Whichever lines of the entries hold the word "origin" should be identified and copied.

++++ Data for review ++++

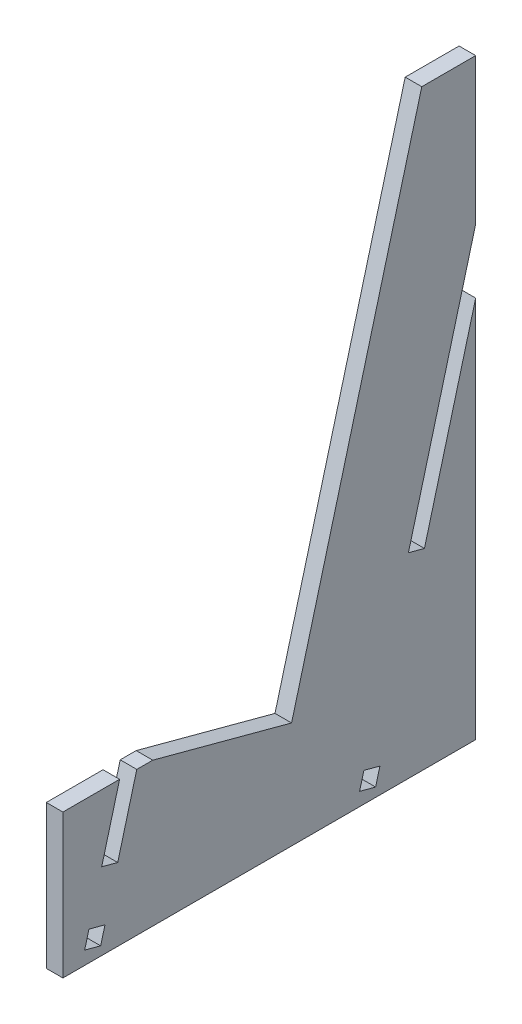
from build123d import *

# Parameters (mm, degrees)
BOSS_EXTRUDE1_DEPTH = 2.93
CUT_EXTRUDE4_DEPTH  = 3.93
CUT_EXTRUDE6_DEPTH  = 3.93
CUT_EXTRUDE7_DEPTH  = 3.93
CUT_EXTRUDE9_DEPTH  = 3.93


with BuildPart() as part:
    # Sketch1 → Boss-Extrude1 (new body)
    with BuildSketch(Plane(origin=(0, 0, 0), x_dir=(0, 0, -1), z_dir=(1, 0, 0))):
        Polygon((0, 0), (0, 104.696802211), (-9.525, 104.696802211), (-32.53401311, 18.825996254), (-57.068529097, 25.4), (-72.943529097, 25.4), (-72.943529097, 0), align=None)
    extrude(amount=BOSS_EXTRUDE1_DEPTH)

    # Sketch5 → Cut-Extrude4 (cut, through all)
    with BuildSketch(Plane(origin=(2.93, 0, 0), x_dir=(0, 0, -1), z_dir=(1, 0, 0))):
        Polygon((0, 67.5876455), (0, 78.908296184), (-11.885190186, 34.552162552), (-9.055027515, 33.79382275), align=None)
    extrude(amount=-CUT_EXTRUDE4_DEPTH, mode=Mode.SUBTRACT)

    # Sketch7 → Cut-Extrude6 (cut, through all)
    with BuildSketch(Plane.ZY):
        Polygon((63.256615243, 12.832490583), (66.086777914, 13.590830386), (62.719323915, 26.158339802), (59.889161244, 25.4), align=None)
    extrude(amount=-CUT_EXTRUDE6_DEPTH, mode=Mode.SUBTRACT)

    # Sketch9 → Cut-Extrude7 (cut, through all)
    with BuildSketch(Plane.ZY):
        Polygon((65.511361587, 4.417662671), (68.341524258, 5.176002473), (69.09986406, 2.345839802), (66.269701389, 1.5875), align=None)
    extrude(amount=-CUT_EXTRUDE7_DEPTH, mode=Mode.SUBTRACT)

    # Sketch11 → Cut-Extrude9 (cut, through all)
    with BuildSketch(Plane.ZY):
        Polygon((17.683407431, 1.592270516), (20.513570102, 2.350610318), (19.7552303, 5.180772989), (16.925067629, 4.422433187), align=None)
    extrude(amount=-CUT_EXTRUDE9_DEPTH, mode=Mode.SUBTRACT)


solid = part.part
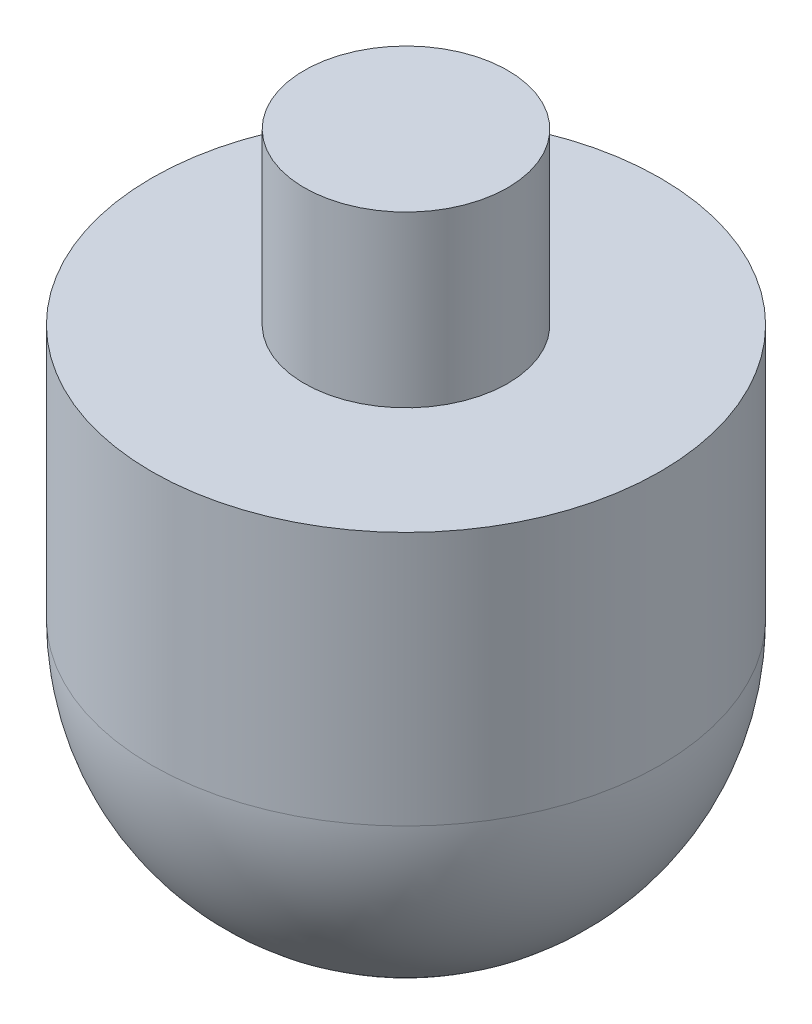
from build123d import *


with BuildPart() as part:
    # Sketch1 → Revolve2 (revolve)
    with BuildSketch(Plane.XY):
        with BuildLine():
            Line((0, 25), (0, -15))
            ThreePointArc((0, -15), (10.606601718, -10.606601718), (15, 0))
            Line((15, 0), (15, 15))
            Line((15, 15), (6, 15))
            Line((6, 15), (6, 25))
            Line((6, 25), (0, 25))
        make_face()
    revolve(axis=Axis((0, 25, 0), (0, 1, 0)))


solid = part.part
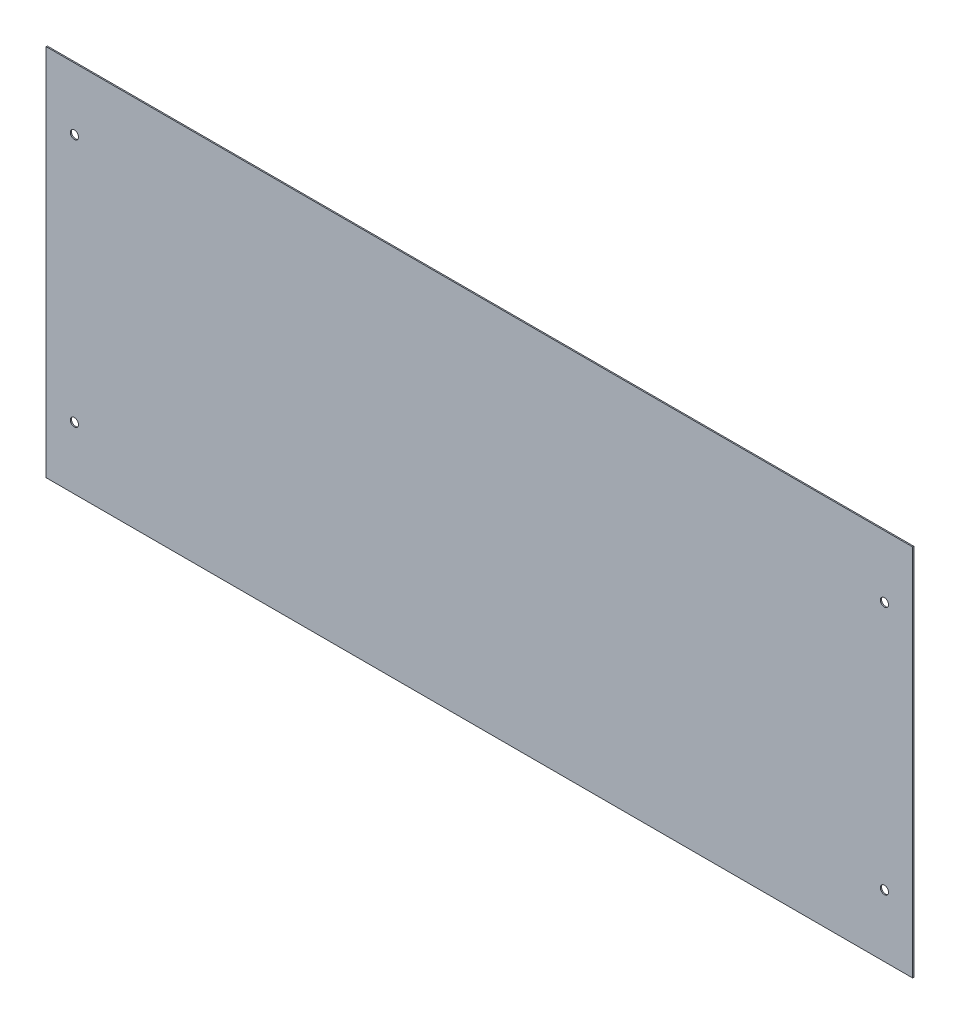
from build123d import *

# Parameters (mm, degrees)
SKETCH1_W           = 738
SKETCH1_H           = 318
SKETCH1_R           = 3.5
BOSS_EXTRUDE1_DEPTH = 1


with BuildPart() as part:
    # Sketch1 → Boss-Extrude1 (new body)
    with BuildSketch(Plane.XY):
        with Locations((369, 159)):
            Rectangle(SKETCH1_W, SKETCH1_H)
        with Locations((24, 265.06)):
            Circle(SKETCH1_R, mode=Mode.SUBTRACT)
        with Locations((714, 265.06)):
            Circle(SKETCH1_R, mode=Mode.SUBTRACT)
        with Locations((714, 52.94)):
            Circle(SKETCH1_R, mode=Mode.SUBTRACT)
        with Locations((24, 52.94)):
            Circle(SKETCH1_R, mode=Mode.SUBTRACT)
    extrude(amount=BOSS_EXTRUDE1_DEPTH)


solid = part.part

++++

• Your solution
    with BuildSketch(Plane(origin=(0, 0, 0), x_dir=(0, 0, -1), z_dir=(1, 0, 0))):
    with BuildSketch(Plane(origin=(2.93, 0, 0), x_dir=(0, 0, -1), z_dir=(1, 0, 0))):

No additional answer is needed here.